差が生じるのは「支払利息」が異なることによる「累計営業 CF」である。 (営業 CF = (売上 - 変動費 - 固定費 - 利息 - 償却) × (1-税率) + 償却。 ※赤字時は EBT+償却) (減価償却は定額法 20 百万円/年)

  • ① 金融機関からの借り入れ(利息 4%・毎期 10 返済)

    • 支払利息 (I):
      • 1 期:50×4%=2.0
      • 2 期:40×4%=1.6
      • 3 期:30×4%=1.2
      • 4 期:20×4%=0.8
      • 5 期:10×4%=0.4
    • 営業 CF((設問 1)の計算結果流用):
      • 1 期:(15.0 - 2.0 - 20.0) + 20.0 = 15.00
      • 2 期:(36.4 - 1.6 - 20.0)×0.6 + 20.0 = 29.84
      • 3 期:(43.8 - 1.2 - 20.0)×0.6 + 20.0 = 34.28
      • 4 期:(44.2 - 0.8 - 20.0)×0.6 + 20.0 = 34.52
      • 5 期:(44.6 - 0.4 - 20.0)×0.6 + 20.0 = 34.76
    • 累計営業 CF (借入) = 148.40 百万円
  • ② 少人数私募債(利息 4%・5 期末一括返済)

    • 支払利息 (I):
      • 1-5 期:50×4% = 2.0 (毎期)
    • 営業 CF:
      • 1 期:(15.0 - 2.0 - 20.0) + 20.0 = 15.00
      • 2 期:(36.4 - 2.0 - 20.0)×0.6 + 20.0 = 29.60
      • 3 期:(43.8 - 2.0 - 20.0)×0.6 + 20.0 = 33.80
      • 4 期:(44.2 - 2.0 - 20.0)×0.6 + 20.0 = 33.80
      • 5 期:(44.6 - 2.0 - 20.0)×0.6 + 20.0 = 33.80
    • 累計営業 CF (私募債) = 146.00 百万円

3. 5 期末現金有高の比較

  • ① 金融機関からの借り入れ: 150 (期首) + 148.40 (累計 OCF) - 200 (累計 ICF) + 0 (累計 FCF) = 98.40 (百万円)
  • ② 少人数私募債: 150 (期首) + 146.00 (累計 OCF) - 200 (累計 ICF) + 0 (累計 FCF) = 96.00 (百万円)

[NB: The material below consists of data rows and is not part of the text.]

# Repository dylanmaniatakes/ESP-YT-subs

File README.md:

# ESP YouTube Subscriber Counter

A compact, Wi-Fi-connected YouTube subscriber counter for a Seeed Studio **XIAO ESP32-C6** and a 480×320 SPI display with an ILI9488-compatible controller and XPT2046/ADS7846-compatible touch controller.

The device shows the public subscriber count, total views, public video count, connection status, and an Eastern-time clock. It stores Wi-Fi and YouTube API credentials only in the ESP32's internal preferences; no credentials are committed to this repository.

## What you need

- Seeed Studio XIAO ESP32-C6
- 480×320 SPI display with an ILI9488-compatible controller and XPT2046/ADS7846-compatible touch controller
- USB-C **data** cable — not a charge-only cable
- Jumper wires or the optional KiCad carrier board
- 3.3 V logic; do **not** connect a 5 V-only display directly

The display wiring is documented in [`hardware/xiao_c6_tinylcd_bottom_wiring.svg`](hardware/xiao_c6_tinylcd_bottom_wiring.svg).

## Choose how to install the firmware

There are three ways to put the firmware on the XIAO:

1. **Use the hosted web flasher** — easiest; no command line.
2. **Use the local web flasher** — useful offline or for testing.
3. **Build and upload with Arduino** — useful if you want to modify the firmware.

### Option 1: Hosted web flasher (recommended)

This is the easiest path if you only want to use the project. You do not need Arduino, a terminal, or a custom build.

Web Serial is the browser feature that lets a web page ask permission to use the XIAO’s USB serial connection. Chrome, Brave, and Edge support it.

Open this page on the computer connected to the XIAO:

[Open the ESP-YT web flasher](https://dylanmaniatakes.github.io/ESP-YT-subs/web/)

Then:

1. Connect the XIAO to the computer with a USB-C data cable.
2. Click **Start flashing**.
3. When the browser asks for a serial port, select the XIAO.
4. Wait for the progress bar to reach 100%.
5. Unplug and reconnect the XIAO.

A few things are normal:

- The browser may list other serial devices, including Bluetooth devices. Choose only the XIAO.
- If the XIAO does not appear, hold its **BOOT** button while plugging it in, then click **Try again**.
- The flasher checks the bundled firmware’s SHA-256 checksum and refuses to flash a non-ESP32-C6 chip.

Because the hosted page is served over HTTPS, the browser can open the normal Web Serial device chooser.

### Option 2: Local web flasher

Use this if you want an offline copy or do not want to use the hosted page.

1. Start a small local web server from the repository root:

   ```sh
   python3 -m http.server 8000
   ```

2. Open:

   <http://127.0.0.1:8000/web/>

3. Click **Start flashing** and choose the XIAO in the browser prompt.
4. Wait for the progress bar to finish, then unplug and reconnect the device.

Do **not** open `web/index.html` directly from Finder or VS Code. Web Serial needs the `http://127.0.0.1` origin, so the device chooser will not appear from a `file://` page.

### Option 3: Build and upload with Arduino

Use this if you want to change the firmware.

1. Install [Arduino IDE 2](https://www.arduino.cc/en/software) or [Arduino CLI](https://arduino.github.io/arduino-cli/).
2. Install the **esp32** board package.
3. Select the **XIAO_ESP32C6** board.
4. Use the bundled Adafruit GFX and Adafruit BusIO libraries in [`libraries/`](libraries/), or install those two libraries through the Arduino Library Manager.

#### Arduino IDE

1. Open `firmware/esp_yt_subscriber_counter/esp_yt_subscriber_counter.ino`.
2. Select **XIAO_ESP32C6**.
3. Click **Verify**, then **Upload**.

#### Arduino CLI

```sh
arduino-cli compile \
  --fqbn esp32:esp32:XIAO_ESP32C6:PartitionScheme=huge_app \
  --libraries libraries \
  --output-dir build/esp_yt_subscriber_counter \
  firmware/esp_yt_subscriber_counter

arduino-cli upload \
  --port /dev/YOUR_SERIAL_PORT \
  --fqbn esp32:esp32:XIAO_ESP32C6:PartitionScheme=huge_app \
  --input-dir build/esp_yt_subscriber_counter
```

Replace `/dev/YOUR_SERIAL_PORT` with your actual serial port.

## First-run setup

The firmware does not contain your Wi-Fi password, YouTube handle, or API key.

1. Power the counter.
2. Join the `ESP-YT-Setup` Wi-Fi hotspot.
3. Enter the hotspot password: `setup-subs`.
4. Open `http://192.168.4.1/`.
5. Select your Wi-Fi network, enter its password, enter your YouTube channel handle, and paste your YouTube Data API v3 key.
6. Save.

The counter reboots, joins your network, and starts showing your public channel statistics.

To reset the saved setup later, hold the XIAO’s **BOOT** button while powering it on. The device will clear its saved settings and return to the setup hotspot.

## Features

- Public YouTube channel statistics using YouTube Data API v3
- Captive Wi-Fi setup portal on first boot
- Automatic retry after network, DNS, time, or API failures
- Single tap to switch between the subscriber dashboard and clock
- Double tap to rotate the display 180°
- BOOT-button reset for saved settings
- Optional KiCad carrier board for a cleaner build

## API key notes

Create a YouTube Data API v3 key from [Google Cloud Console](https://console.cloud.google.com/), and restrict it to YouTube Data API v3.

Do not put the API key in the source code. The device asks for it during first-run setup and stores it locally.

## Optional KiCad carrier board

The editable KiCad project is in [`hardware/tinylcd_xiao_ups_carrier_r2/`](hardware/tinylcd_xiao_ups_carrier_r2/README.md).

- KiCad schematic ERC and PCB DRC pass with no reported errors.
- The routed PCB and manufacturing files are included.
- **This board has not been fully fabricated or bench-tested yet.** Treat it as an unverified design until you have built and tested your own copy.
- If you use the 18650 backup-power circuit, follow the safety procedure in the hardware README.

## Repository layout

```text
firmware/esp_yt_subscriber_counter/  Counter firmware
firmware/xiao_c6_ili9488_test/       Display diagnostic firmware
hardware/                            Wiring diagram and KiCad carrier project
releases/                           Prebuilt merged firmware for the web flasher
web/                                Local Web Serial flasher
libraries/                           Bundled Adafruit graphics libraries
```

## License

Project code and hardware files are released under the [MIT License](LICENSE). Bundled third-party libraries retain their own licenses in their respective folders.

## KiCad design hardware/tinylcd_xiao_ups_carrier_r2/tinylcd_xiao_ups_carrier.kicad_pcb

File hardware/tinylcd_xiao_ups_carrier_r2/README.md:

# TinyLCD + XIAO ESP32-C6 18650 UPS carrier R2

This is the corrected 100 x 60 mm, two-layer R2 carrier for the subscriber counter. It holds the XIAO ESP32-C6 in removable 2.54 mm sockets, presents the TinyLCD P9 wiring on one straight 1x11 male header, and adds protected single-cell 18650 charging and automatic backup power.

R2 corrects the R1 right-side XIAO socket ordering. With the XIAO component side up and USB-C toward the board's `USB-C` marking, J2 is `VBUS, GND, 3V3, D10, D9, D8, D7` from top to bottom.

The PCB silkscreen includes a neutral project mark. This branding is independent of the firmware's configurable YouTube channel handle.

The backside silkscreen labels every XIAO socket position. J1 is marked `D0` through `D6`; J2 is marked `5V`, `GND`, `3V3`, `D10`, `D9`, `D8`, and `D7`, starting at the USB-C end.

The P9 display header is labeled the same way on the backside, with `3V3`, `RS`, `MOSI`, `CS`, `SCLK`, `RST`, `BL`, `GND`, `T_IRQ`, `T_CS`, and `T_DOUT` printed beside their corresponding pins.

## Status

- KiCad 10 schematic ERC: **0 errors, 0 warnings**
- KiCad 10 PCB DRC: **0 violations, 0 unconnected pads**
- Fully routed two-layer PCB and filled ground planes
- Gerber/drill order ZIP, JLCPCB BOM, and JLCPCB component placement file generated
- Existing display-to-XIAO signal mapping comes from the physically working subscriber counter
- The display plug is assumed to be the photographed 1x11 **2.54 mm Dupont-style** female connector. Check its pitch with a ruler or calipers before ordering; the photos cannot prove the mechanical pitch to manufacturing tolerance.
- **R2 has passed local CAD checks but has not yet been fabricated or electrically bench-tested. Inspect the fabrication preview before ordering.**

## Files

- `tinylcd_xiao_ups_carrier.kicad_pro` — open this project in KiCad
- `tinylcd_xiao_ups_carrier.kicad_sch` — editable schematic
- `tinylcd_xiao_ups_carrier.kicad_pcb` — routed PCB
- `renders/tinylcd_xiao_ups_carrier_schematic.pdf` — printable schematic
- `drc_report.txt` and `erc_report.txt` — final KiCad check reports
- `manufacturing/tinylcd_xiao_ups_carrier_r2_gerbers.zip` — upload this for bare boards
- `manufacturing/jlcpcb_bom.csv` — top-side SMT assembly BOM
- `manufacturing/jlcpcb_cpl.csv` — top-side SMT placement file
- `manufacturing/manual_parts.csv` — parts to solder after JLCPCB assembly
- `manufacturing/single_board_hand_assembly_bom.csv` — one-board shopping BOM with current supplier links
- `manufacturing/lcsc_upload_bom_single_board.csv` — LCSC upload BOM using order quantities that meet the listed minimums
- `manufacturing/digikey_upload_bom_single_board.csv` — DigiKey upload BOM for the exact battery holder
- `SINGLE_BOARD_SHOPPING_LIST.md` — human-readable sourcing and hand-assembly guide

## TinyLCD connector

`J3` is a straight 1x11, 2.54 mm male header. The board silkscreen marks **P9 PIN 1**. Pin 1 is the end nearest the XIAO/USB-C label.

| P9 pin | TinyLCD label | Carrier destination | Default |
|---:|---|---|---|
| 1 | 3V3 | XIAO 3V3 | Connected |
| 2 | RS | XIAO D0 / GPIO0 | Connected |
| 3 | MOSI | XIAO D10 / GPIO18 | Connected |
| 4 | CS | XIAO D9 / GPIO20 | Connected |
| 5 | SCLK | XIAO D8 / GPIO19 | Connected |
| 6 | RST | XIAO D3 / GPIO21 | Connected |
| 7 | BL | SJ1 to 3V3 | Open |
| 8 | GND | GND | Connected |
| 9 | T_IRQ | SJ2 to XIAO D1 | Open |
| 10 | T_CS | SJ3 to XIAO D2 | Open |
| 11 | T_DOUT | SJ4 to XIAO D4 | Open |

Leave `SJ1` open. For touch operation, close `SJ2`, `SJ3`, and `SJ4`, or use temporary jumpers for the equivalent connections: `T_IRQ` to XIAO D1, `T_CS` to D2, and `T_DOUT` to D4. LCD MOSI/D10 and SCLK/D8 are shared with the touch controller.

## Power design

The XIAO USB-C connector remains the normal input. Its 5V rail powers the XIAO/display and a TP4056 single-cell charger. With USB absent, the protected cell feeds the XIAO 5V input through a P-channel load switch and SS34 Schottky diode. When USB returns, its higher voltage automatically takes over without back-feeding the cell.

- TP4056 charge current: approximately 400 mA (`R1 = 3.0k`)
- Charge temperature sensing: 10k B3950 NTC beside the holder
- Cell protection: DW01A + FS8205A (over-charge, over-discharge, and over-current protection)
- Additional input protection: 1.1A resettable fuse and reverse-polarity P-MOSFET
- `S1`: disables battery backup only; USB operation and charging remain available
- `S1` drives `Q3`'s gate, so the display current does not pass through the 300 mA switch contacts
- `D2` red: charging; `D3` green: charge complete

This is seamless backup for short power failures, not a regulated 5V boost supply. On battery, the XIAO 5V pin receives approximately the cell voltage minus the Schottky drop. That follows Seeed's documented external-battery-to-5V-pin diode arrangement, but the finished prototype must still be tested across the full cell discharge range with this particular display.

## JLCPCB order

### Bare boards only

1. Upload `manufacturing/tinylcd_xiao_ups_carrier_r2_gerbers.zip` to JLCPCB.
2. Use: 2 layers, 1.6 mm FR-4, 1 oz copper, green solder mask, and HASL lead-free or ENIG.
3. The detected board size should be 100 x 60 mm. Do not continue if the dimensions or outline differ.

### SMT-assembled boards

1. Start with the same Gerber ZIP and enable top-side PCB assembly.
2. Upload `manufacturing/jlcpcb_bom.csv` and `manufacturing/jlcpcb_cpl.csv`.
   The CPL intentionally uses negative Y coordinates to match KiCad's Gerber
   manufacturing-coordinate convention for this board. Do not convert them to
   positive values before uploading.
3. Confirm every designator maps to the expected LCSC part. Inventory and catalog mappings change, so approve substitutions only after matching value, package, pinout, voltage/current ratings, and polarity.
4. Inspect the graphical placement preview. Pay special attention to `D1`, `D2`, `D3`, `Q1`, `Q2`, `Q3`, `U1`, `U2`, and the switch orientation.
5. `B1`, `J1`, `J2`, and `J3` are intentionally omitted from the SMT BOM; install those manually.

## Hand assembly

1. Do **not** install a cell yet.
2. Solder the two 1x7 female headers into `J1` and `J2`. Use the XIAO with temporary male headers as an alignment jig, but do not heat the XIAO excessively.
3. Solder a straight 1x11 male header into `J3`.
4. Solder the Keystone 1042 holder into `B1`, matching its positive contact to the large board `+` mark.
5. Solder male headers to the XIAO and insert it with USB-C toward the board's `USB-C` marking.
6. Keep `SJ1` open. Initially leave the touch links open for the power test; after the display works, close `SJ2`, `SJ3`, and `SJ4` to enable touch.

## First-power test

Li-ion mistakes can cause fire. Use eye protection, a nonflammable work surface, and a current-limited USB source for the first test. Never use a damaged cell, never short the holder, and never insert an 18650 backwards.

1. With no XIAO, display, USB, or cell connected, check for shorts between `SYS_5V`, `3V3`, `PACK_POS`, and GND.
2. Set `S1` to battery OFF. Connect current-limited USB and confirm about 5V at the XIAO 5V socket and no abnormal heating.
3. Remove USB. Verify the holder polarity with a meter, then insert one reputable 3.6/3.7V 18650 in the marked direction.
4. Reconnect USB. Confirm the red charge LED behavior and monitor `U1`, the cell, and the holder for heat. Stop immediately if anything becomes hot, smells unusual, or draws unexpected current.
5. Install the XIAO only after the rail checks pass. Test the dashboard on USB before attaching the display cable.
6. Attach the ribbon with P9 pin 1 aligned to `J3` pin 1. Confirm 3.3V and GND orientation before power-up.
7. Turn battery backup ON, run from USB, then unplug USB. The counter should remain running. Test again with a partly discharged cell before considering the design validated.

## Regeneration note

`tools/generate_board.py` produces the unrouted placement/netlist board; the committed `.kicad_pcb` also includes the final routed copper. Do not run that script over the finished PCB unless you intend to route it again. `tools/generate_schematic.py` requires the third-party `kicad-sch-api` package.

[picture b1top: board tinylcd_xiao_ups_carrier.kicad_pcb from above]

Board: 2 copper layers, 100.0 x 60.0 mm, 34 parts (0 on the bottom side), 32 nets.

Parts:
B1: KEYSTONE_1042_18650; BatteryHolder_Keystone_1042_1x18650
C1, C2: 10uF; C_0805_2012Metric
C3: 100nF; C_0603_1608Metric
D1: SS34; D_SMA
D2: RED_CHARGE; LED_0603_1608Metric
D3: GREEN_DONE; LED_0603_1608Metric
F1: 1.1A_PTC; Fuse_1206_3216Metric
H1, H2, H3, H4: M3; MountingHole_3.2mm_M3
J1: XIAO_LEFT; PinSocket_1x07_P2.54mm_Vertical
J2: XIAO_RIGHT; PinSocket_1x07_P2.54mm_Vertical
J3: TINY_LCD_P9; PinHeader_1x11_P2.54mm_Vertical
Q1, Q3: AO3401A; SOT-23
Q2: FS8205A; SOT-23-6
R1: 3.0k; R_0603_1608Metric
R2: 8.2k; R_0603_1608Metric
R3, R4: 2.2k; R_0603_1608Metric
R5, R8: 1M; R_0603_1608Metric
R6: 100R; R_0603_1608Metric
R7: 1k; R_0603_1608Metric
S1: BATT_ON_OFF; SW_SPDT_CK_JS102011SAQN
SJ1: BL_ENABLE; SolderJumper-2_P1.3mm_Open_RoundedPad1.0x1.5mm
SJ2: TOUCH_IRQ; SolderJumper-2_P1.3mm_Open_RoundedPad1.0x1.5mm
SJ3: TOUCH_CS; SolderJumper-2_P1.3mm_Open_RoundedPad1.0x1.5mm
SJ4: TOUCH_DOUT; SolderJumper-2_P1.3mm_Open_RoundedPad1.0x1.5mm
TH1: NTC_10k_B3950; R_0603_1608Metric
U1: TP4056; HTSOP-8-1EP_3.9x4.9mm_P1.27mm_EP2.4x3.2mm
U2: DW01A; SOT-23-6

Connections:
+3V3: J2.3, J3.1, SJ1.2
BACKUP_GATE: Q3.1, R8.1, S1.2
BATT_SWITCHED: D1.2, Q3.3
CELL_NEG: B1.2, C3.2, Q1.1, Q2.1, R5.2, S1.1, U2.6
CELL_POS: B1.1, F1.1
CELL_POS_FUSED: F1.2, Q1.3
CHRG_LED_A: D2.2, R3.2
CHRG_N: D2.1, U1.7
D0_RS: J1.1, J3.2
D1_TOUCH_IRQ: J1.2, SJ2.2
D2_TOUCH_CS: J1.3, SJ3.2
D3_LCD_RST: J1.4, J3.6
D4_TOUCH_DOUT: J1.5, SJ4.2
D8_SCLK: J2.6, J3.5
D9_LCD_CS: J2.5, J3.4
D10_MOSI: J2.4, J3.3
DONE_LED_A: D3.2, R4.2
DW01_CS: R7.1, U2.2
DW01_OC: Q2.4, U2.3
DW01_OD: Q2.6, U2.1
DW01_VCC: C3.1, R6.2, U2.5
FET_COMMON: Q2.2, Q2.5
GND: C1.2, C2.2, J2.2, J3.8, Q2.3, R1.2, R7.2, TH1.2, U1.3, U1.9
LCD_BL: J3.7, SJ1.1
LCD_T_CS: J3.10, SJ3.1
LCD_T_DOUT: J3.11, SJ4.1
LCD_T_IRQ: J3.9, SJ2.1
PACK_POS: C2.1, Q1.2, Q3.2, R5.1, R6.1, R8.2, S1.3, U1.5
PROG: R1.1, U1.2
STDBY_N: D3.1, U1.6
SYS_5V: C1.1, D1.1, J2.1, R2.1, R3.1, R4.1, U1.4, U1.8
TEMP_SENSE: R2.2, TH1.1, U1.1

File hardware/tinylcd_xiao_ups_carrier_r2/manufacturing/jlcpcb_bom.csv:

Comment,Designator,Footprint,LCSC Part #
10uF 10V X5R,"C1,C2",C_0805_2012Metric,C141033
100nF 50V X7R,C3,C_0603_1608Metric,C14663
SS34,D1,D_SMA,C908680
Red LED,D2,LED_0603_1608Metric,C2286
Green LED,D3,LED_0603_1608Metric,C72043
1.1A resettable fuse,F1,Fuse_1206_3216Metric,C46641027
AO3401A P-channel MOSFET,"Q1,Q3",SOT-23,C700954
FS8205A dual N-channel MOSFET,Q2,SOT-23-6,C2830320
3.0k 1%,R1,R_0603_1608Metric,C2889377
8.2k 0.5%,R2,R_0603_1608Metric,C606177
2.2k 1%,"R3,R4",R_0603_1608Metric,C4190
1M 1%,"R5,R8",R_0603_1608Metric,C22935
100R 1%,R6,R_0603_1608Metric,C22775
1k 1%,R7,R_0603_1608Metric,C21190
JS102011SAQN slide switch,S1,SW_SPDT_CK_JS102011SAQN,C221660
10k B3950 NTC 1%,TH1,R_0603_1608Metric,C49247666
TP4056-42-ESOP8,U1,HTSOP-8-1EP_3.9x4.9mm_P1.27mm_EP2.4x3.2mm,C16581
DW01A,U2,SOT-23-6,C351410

したがって、(a) は「金融機関からの借り入れ」、(b) は「98.4」百万円となる。 (c) の理由は、借入の方が利息総額が 4.0 百万円(=10.0-6.0)少なく、税引後で 2.4 百万円(=4.0×(1-0.4))営業 CF が多いためである。

第 3 問(配点 30 点)

品質リスクに関連するコストを大きい順に 4 つ、90 字以内で述べよ。

回答(79 字)

① 外部失敗コスト(クレーム対応・返品・信用失墜による機会損失)、② 内部失敗コスト(規格外品の廃棄)、③ 評価コスト(品質検査)、④ 予防コスト(工程・衛生管理)。

解説

(第 2 問(設問 3)の解説と同一)

品質リスクに関連するコストは、一般的に「品質コスト」と呼ばれ、以下の 4 つに分類される。コストの大きさは、一般的に「外部失敗 > 内部失敗 > 評価 > 予防」の順となる。

  1. 外部失敗コスト:製品が顧客に渡った後に発見される不適合にかかるコスト。クレーム対応、返品処理、賠償、信用の失墜による将来の売上減少など、最も大きな損害につながる。
  2. 内部失敗コスト:製品が出荷される前に発見される不適合にかかるコスト。与件ではハーブ類や薬草であり「手直し」は困難と想定されるため、規格外品の「廃棄コスト」が主となる。
  3. 評価コスト:品質基準を満たしているかを確認(検査・試験)するためのコスト。
  4. 予防コスト:不適合の発生を未然に防ぐためのコスト。与件の「工程管理」「品質管理」「衛生管理」のノウハウ活用がこれにあたる。